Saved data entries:
════════════════

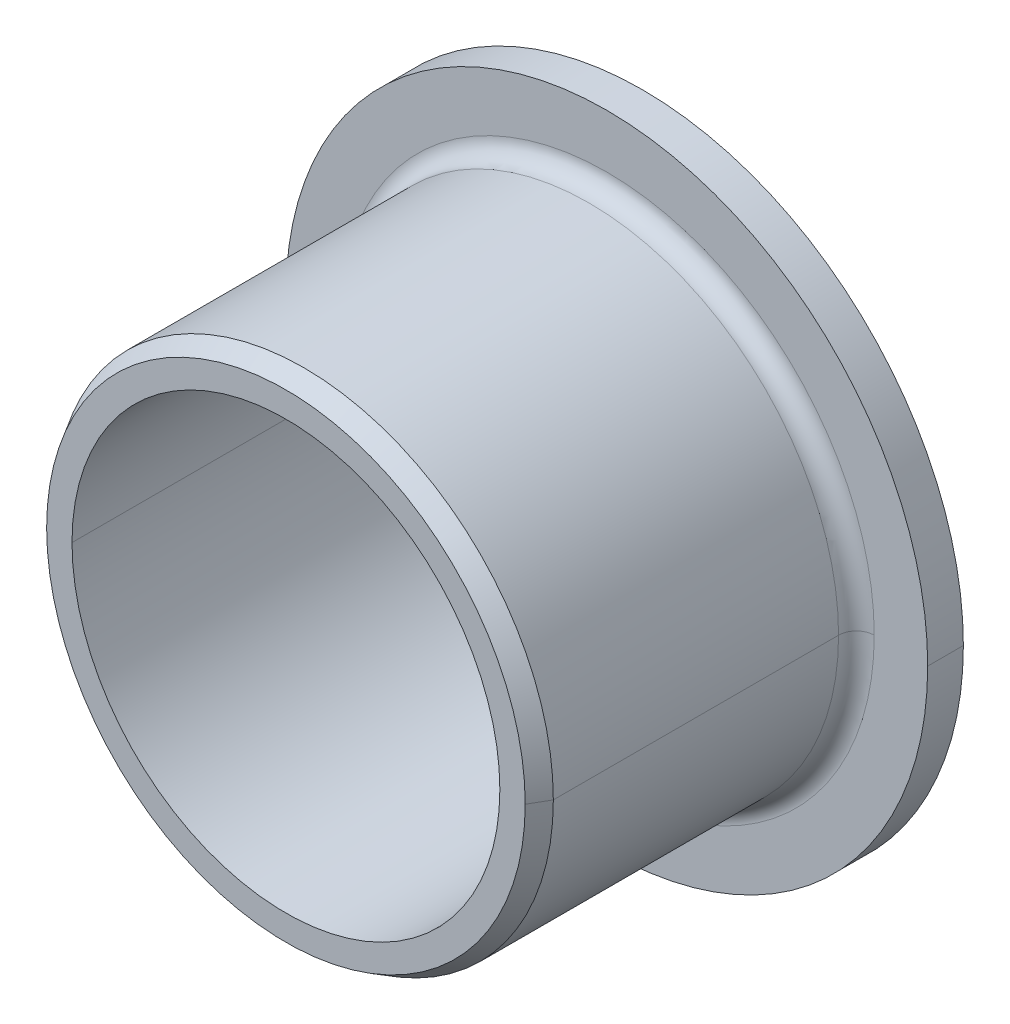
ISO-10303-21;
HEADER;
FILE_DESCRIPTION(('STEP AP214'),'2;1');
FILE_NAME('part.step','',(''),(''),'','','');
FILE_SCHEMA(('AUTOMOTIVE_DESIGN { 1 0 10303 214 1 1 1 1 }'));
ENDSEC;
DATA;
#1=APPLICATION_CONTEXT('core data for automotive mechanical design processes');
#2=APPLICATION_PROTOCOL_DEFINITION('international standard','automotive_design',2000,#1);
#3=PRODUCT_CONTEXT('',#1,'mechanical');
#4=PRODUCT('Part','Part','',(#3));
#5=PRODUCT_RELATED_PRODUCT_CATEGORY('part','',(#4));
#6=PRODUCT_DEFINITION_FORMATION('','',#4);
#7=PRODUCT_DEFINITION_CONTEXT('part definition',#1,'design');
#8=PRODUCT_DEFINITION('design','',#6,#7);
#9=PRODUCT_DEFINITION_SHAPE('','',#8);
#10=(LENGTH_UNIT() NAMED_UNIT(*) SI_UNIT(.MILLI.,.METRE.));
#11=(NAMED_UNIT(*) PLANE_ANGLE_UNIT() SI_UNIT($,.RADIAN.));
#12=(NAMED_UNIT(*) SI_UNIT($,.STERADIAN.) SOLID_ANGLE_UNIT());
#13=UNCERTAINTY_MEASURE_WITH_UNIT(LENGTH_MEASURE(1.E-05),#10,'distance_accuracy_value','');
#14=(GEOMETRIC_REPRESENTATION_CONTEXT(3) GLOBAL_UNCERTAINTY_ASSIGNED_CONTEXT((#13)) GLOBAL_UNIT_ASSIGNED_CONTEXT((#10,
#11,#12)) REPRESENTATION_CONTEXT('',''));
#15=CARTESIAN_POINT('',(0.,0.,0.));
#16=DIRECTION('',(0.,0.,1.));
#17=DIRECTION('',(1.,0.,0.));
#18=AXIS2_PLACEMENT_3D('',#15,#16,#17);
#19=CARTESIAN_POINT('',(7.5,0.,0.));
#20=DIRECTION('',(0.,0.,-1.));
#21=DIRECTION('',(0.,-1.,0.));
#22=AXIS2_PLACEMENT_3D('',#19,#20,#21);
#23=PLANE('',#22);
#24=CARTESIAN_POINT('',(0.,0.,0.));
#25=DIRECTION('',(0.,0.,1.));
#26=DIRECTION('',(1.,0.,0.));
#27=AXIS2_PLACEMENT_3D('',#24,#25,#26);
#28=CIRCLE('',#27,6.);
#29=CARTESIAN_POINT('',(6.,0.,0.));
#30=VERTEX_POINT('',#29);
#31=CARTESIAN_POINT('',(-6.,0.,0.));
#32=VERTEX_POINT('',#31);
#33=EDGE_CURVE('E10',#30,#32,#28,.T.);
#34=ORIENTED_EDGE('',*,*,#33,.T.);
#35=CARTESIAN_POINT('',(0.,0.,0.));
#36=DIRECTION('',(0.,0.,1.));
#37=DIRECTION('',(1.,0.,0.));
#38=AXIS2_PLACEMENT_3D('',#35,#36,#37);
#39=CIRCLE('',#38,6.);
#40=EDGE_CURVE('E325',#32,#30,#39,.T.);
#41=ORIENTED_EDGE('',*,*,#40,.T.);
#42=EDGE_LOOP('',(#34,#41));
#43=FACE_BOUND('',#42,.T.);
#44=CARTESIAN_POINT('',(0.,0.,0.));
#45=DIRECTION('',(0.,0.,1.));
#46=DIRECTION('',(1.,0.,0.));
#47=AXIS2_PLACEMENT_3D('',#44,#45,#46);
#48=CIRCLE('',#47,9.);
#49=CARTESIAN_POINT('',(9.,0.,0.));
#50=VERTEX_POINT('',#49);
#51=CARTESIAN_POINT('',(-9.,0.,0.));
#52=VERTEX_POINT('',#51);
#53=EDGE_CURVE('E398',#50,#52,#48,.T.);
#54=ORIENTED_EDGE('',*,*,#53,.F.);
#55=CARTESIAN_POINT('',(0.,0.,0.));
#56=DIRECTION('',(0.,0.,1.));
#57=DIRECTION('',(1.,0.,0.));
#58=AXIS2_PLACEMENT_3D('',#55,#56,#57);
#59=CIRCLE('',#58,9.);
#60=EDGE_CURVE('E100',#52,#50,#59,.T.);
#61=ORIENTED_EDGE('',*,*,#60,.F.);
#62=EDGE_LOOP('',(#54,#61));
#63=FACE_BOUND('',#62,.T.);
#64=ADVANCED_FACE('F15',(#43,#63),#23,.T.);
#65=CARTESIAN_POINT('',(0.,0.,5.));
#66=DIRECTION('',(0.,0.,1.));
#67=DIRECTION('',(1.,0.,0.));
#68=AXIS2_PLACEMENT_3D('',#65,#66,#67);
#69=CYLINDRICAL_SURFACE('',#68,6.);
#70=DIRECTION('',(0.,0.,1.));
#71=VECTOR('',#70,1.);
#72=CARTESIAN_POINT('',(6.,0.,5.));
#73=LINE('',#72,#71);
#74=CARTESIAN_POINT('',(6.,0.,10.));
#75=VERTEX_POINT('',#74);
#76=EDGE_CURVE('E329',#30,#75,#73,.T.);
#77=ORIENTED_EDGE('',*,*,#76,.T.);
#78=CARTESIAN_POINT('',(0.,0.,10.));
#79=DIRECTION('',(0.,0.,1.));
#80=DIRECTION('',(1.,0.,0.));
#81=AXIS2_PLACEMENT_3D('',#78,#79,#80);
#82=CIRCLE('',#81,6.);
#83=CARTESIAN_POINT('',(-6.,0.,10.));
#84=VERTEX_POINT('',#83);
#85=EDGE_CURVE('E26',#75,#84,#82,.T.);
#86=ORIENTED_EDGE('',*,*,#85,.T.);
#87=DIRECTION('',(0.,0.,-1.));
#88=VECTOR('',#87,1.);
#89=CARTESIAN_POINT('',(-6.,0.,5.));
#90=LINE('',#89,#88);
#91=EDGE_CURVE('E322',#84,#32,#90,.T.);
#92=ORIENTED_EDGE('',*,*,#91,.T.);
#93=ORIENTED_EDGE('',*,*,#33,.F.);
#94=EDGE_LOOP('',(#77,#86,#92,#93));
#95=FACE_BOUND('',#94,.T.);
#96=ADVANCED_FACE('F195',(#95),#69,.F.);
#97=CARTESIAN_POINT('',(6.3556624327,0.,10.));
#98=DIRECTION('',(0.,0.,1.));
#99=DIRECTION('',(1.,0.,0.));
#100=AXIS2_PLACEMENT_3D('',#97,#98,#99);
#101=PLANE('',#100);
#102=ORIENTED_EDGE('',*,*,#85,.F.);
#103=CARTESIAN_POINT('',(0.,0.,10.));
#104=DIRECTION('',(0.,0.,1.));
#105=DIRECTION('',(1.,0.,0.));
#106=AXIS2_PLACEMENT_3D('',#103,#104,#105);
#107=CIRCLE('',#106,6.);
#108=EDGE_CURVE('E315',#84,#75,#107,.T.);
#109=ORIENTED_EDGE('',*,*,#108,.F.);
#110=EDGE_LOOP('',(#102,#109));
#111=FACE_BOUND('',#110,.T.);
#112=CARTESIAN_POINT('',(0.,0.,10.));
#113=DIRECTION('',(0.,0.,1.));
#114=DIRECTION('',(1.,0.,0.));
#115=AXIS2_PLACEMENT_3D('',#112,#113,#114);
#116=CIRCLE('',#115,6.7113248654);
#117=CARTESIAN_POINT('',(6.7113248654,0.,10.));
#118=VERTEX_POINT('',#117);
#119=CARTESIAN_POINT('',(-6.7113248654,0.,10.));
#120=VERTEX_POINT('',#119);
#121=EDGE_CURVE('E19',#118,#120,#116,.T.);
#122=ORIENTED_EDGE('',*,*,#121,.T.);
#123=CARTESIAN_POINT('',(0.,0.,10.));
#124=DIRECTION('',(0.,0.,1.));
#125=DIRECTION('',(1.,0.,0.));
#126=AXIS2_PLACEMENT_3D('',#123,#124,#125);
#127=CIRCLE('',#126,6.7113248654);
#128=EDGE_CURVE('E82',#120,#118,#127,.T.);
#129=ORIENTED_EDGE('',*,*,#128,.T.);
#130=EDGE_LOOP('',(#122,#129));
#131=FACE_BOUND('',#130,.T.);
#132=ADVANCED_FACE('F200',(#111,#131),#101,.T.);
#133=CARTESIAN_POINT('',(0.,0.,9.75));
#134=DIRECTION('',(0.,0.,-1.));
#135=DIRECTION('',(1.,0.,0.));
#136=AXIS2_PLACEMENT_3D('',#133,#134,#135);
#137=CONICAL_SURFACE('',#136,6.8556624327,0.52359877560608);
#138=DIRECTION('',(-0.500000000006738,0.,0.866025403780548));
#139=VECTOR('',#138,1.);
#140=CARTESIAN_POINT('',(6.8556624327,0.,9.75));
#141=LINE('',#140,#139);
#142=CARTESIAN_POINT('',(7.,0.,9.5));
#143=VERTEX_POINT('',#142);
#144=EDGE_CURVE('E310',#143,#118,#141,.T.);
#145=ORIENTED_EDGE('',*,*,#144,.T.);
#146=ORIENTED_EDGE('',*,*,#128,.F.);
#147=DIRECTION('',(-0.500000000006738,0.,-0.866025403780548));
#148=VECTOR('',#147,1.);
#149=CARTESIAN_POINT('',(-6.8556624327,0.,9.75));
#150=LINE('',#149,#148);
#151=CARTESIAN_POINT('',(-7.,0.,9.5));
#152=VERTEX_POINT('',#151);
#153=EDGE_CURVE('E157',#120,#152,#150,.T.);
#154=ORIENTED_EDGE('',*,*,#153,.T.);
#155=CARTESIAN_POINT('',(0.,0.,9.5));
#156=DIRECTION('',(0.,0.,1.));
#157=DIRECTION('',(1.,0.,0.));
#158=AXIS2_PLACEMENT_3D('',#155,#156,#157);
#159=CIRCLE('',#158,7.);
#160=EDGE_CURVE('E72',#152,#143,#159,.T.);
#161=ORIENTED_EDGE('',*,*,#160,.T.);
#162=EDGE_LOOP('',(#145,#146,#154,#161));
#163=FACE_BOUND('',#162,.T.);
#164=ADVANCED_FACE('F17',(#163),#137,.T.);
#165=CARTESIAN_POINT('',(0.,0.,5.5));
#166=DIRECTION('',(0.,0.,1.));
#167=DIRECTION('',(1.,0.,0.));
#168=AXIS2_PLACEMENT_3D('',#165,#166,#167);
#169=CYLINDRICAL_SURFACE('',#168,7.);
#170=DIRECTION('',(0.,0.,1.));
#171=VECTOR('',#170,1.);
#172=CARTESIAN_POINT('',(7.,0.,5.5));
#173=LINE('',#172,#171);
#174=CARTESIAN_POINT('',(7.,0.,1.5));
#175=VERTEX_POINT('',#174);
#176=EDGE_CURVE('E156',#175,#143,#173,.T.);
#177=ORIENTED_EDGE('',*,*,#176,.T.);
#178=ORIENTED_EDGE('',*,*,#160,.F.);
#179=DIRECTION('',(0.,0.,-1.));
#180=VECTOR('',#179,1.);
#181=CARTESIAN_POINT('',(-7.,0.,5.5));
#182=LINE('',#181,#180);
#183=CARTESIAN_POINT('',(-7.,0.,1.5));
#184=VERTEX_POINT('',#183);
#185=EDGE_CURVE('E135',#152,#184,#182,.T.);
#186=ORIENTED_EDGE('',*,*,#185,.T.);
#187=CARTESIAN_POINT('',(0.,0.,1.5));
#188=DIRECTION('',(0.,0.,1.));
#189=DIRECTION('',(1.,0.,0.));
#190=AXIS2_PLACEMENT_3D('',#187,#188,#189);
#191=CIRCLE('',#190,7.);
#192=EDGE_CURVE('E133',#184,#175,#191,.T.);
#193=ORIENTED_EDGE('',*,*,#192,.T.);
#194=EDGE_LOOP('',(#177,#178,#186,#193));
#195=FACE_BOUND('',#194,.T.);
#196=ADVANCED_FACE('F176',(#195),#169,.T.);
#197=CARTESIAN_POINT('',(0.,0.,1.5));
#198=DIRECTION('',(0.,0.,1.));
#199=DIRECTION('',(1.,0.,0.));
#200=AXIS2_PLACEMENT_3D('',#197,#198,#199);
#201=TOROIDAL_SURFACE('',#200,7.5,0.5);
#202=CARTESIAN_POINT('',(-7.5,0.,1.5));
#203=DIRECTION('',(0.,-1.,0.));
#204=DIRECTION('',(-1.,0.,0.));
#205=AXIS2_PLACEMENT_3D('',#202,#203,#204);
#206=CIRCLE('',#205,0.5);
#207=CARTESIAN_POINT('',(-7.5,0.,1.));
#208=VERTEX_POINT('',#207);
#209=EDGE_CURVE('E119',#208,#184,#206,.T.);
#210=ORIENTED_EDGE('',*,*,#209,.T.);
#211=CARTESIAN_POINT('',(0.,0.,1.5));
#212=DIRECTION('',(0.,0.,1.));
#213=DIRECTION('',(1.,0.,0.));
#214=AXIS2_PLACEMENT_3D('',#211,#212,#213);
#215=CIRCLE('',#214,7.);
#216=EDGE_CURVE('E141',#175,#184,#215,.T.);
#217=ORIENTED_EDGE('',*,*,#216,.F.);
#218=CARTESIAN_POINT('',(7.5,0.,1.5));
#219=DIRECTION('',(0.,-1.,0.));
#220=DIRECTION('',(1.,0.,0.));
#221=AXIS2_PLACEMENT_3D('',#218,#219,#220);
#222=CIRCLE('',#221,0.5);
#223=CARTESIAN_POINT('',(7.5,0.,1.));
#224=VERTEX_POINT('',#223);
#225=EDGE_CURVE('E121',#175,#224,#222,.T.);
#226=ORIENTED_EDGE('',*,*,#225,.T.);
#227=CARTESIAN_POINT('',(0.,0.,1.));
#228=DIRECTION('',(0.,0.,1.));
#229=DIRECTION('',(1.,0.,0.));
#230=AXIS2_PLACEMENT_3D('',#227,#228,#229);
#231=CIRCLE('',#230,7.5);
#232=EDGE_CURVE('E110',#224,#208,#231,.T.);
#233=ORIENTED_EDGE('',*,*,#232,.T.);
#234=EDGE_LOOP('',(#210,#217,#226,#233));
#235=FACE_BOUND('',#234,.T.);
#236=ADVANCED_FACE('F116',(#235),#201,.F.);
#237=CARTESIAN_POINT('',(8.25,0.,1.));
#238=DIRECTION('',(0.,0.,1.));
#239=DIRECTION('',(1.,0.,0.));
#240=AXIS2_PLACEMENT_3D('',#237,#238,#239);
#241=PLANE('',#240);
#242=ORIENTED_EDGE('',*,*,#232,.F.);
#243=CARTESIAN_POINT('',(0.,0.,1.));
#244=DIRECTION('',(0.,0.,1.));
#245=DIRECTION('',(1.,0.,0.));
#246=AXIS2_PLACEMENT_3D('',#243,#244,#245);
#247=CIRCLE('',#246,7.5);
#248=EDGE_CURVE('E125',#208,#224,#247,.T.);
#249=ORIENTED_EDGE('',*,*,#248,.F.);
#250=EDGE_LOOP('',(#242,#249));
#251=FACE_BOUND('',#250,.T.);
#252=CARTESIAN_POINT('',(0.,0.,1.));
#253=DIRECTION('',(0.,0.,1.));
#254=DIRECTION('',(1.,0.,0.));
#255=AXIS2_PLACEMENT_3D('',#252,#253,#254);
#256=CIRCLE('',#255,9.);
#257=CARTESIAN_POINT('',(9.,0.,1.));
#258=VERTEX_POINT('',#257);
#259=CARTESIAN_POINT('',(-9.,0.,1.));
#260=VERTEX_POINT('',#259);
#261=EDGE_CURVE('E147',#258,#260,#256,.T.);
#262=ORIENTED_EDGE('',*,*,#261,.T.);
#263=CARTESIAN_POINT('',(0.,0.,1.));
#264=DIRECTION('',(0.,0.,1.));
#265=DIRECTION('',(1.,0.,0.));
#266=AXIS2_PLACEMENT_3D('',#263,#264,#265);
#267=CIRCLE('',#266,9.);
#268=EDGE_CURVE('E40',#260,#258,#267,.T.);
#269=ORIENTED_EDGE('',*,*,#268,.T.);
#270=EDGE_LOOP('',(#262,#269));
#271=FACE_BOUND('',#270,.T.);
#272=ADVANCED_FACE('F126',(#251,#271),#241,.T.);
#273=CARTESIAN_POINT('',(0.,0.,0.5));
#274=DIRECTION('',(0.,0.,1.));
#275=DIRECTION('',(1.,0.,0.));
#276=AXIS2_PLACEMENT_3D('',#273,#274,#275);
#277=CYLINDRICAL_SURFACE('',#276,9.);
#278=DIRECTION('',(0.,0.,1.));
#279=VECTOR('',#278,1.);
#280=CARTESIAN_POINT('',(9.,0.,0.5));
#281=LINE('',#280,#279);
#282=EDGE_CURVE('E392',#50,#258,#281,.T.);
#283=ORIENTED_EDGE('',*,*,#282,.T.);
#284=ORIENTED_EDGE('',*,*,#268,.F.);
#285=DIRECTION('',(0.,0.,-1.));
#286=VECTOR('',#285,1.);
#287=CARTESIAN_POINT('',(-9.,0.,0.5));
#288=LINE('',#287,#286);
#289=EDGE_CURVE('E145',#260,#52,#288,.T.);
#290=ORIENTED_EDGE('',*,*,#289,.T.);
#291=ORIENTED_EDGE('',*,*,#60,.T.);
#292=EDGE_LOOP('',(#283,#284,#290,#291));
#293=FACE_BOUND('',#292,.T.);
#294=ADVANCED_FACE('F188',(#293),#277,.T.);
#295=CARTESIAN_POINT('',(0.,0.,0.5));
#296=DIRECTION('',(0.,0.,1.));
#297=DIRECTION('',(1.,0.,0.));
#298=AXIS2_PLACEMENT_3D('',#295,#296,#297);
#299=CYLINDRICAL_SURFACE('',#298,9.);
#300=ORIENTED_EDGE('',*,*,#282,.F.);
#301=ORIENTED_EDGE('',*,*,#53,.T.);
#302=ORIENTED_EDGE('',*,*,#289,.F.);
#303=ORIENTED_EDGE('',*,*,#261,.F.);
#304=EDGE_LOOP('',(#300,#301,#302,#303));
#305=FACE_BOUND('',#304,.T.);
#306=ADVANCED_FACE('F183',(#305),#299,.T.);
#307=CARTESIAN_POINT('',(0.,0.,1.5));
#308=DIRECTION('',(0.,0.,1.));
#309=DIRECTION('',(1.,0.,0.));
#310=AXIS2_PLACEMENT_3D('',#307,#308,#309);
#311=TOROIDAL_SURFACE('',#310,7.5,0.5);
#312=ORIENTED_EDGE('',*,*,#209,.F.);
#313=ORIENTED_EDGE('',*,*,#248,.T.);
#314=ORIENTED_EDGE('',*,*,#225,.F.);
#315=ORIENTED_EDGE('',*,*,#192,.F.);
#316=EDGE_LOOP('',(#312,#313,#314,#315));
#317=FACE_BOUND('',#316,.T.);
#318=ADVANCED_FACE('F131',(#317),#311,.F.);
#319=CARTESIAN_POINT('',(0.,0.,5.5));
#320=DIRECTION('',(0.,0.,1.));
#321=DIRECTION('',(1.,0.,0.));
#322=AXIS2_PLACEMENT_3D('',#319,#320,#321);
#323=CYLINDRICAL_SURFACE('',#322,7.);
#324=ORIENTED_EDGE('',*,*,#176,.F.);
#325=ORIENTED_EDGE('',*,*,#216,.T.);
#326=ORIENTED_EDGE('',*,*,#185,.F.);
#327=CARTESIAN_POINT('',(0.,0.,9.5));
#328=DIRECTION('',(0.,0.,1.));
#329=DIRECTION('',(1.,0.,0.));
#330=AXIS2_PLACEMENT_3D('',#327,#328,#329);
#331=CIRCLE('',#330,7.);
#332=EDGE_CURVE('E314',#143,#152,#331,.T.);
#333=ORIENTED_EDGE('',*,*,#332,.F.);
#334=EDGE_LOOP('',(#324,#325,#326,#333));
#335=FACE_BOUND('',#334,.T.);
#336=ADVANCED_FACE('F158',(#335),#323,.T.);
#337=CARTESIAN_POINT('',(0.,0.,9.75));
#338=DIRECTION('',(0.,0.,-1.));
#339=DIRECTION('',(1.,0.,0.));
#340=AXIS2_PLACEMENT_3D('',#337,#338,#339);
#341=CONICAL_SURFACE('',#340,6.8556624327,0.52359877560608);
#342=ORIENTED_EDGE('',*,*,#144,.F.);
#343=ORIENTED_EDGE('',*,*,#332,.T.);
#344=ORIENTED_EDGE('',*,*,#153,.F.);
#345=ORIENTED_EDGE('',*,*,#121,.F.);
#346=EDGE_LOOP('',(#342,#343,#344,#345));
#347=FACE_BOUND('',#346,.T.);
#348=ADVANCED_FACE('F163',(#347),#341,.T.);
#349=CARTESIAN_POINT('',(0.,0.,5.));
#350=DIRECTION('',(0.,0.,1.));
#351=DIRECTION('',(1.,0.,0.));
#352=AXIS2_PLACEMENT_3D('',#349,#350,#351);
#353=CYLINDRICAL_SURFACE('',#352,6.);
#354=ORIENTED_EDGE('',*,*,#76,.F.);
#355=ORIENTED_EDGE('',*,*,#40,.F.);
#356=ORIENTED_EDGE('',*,*,#91,.F.);
#357=ORIENTED_EDGE('',*,*,#108,.T.);
#358=EDGE_LOOP('',(#354,#355,#356,#357));
#359=FACE_BOUND('',#358,.T.);
#360=ADVANCED_FACE('F249',(#359),#353,.F.);
#361=CLOSED_SHELL('',(#64,#96,#132,#164,#196,#236,#272,#294,#306,#318,#336,#348,#360));
#362=MANIFOLD_SOLID_BREP('B1',#361);
#363=ADVANCED_BREP_SHAPE_REPRESENTATION('',(#18,#362),#14);
#364=SHAPE_DEFINITION_REPRESENTATION(#9,#363);
ENDSEC;
END-ISO-10303-21;

════════════════

#### INSTRUCTIONS TO FOLLOW:
For the word "mechanical", count the lines in the records that contain it. Give the number and no other words.

#### FINAL ANSWER:
2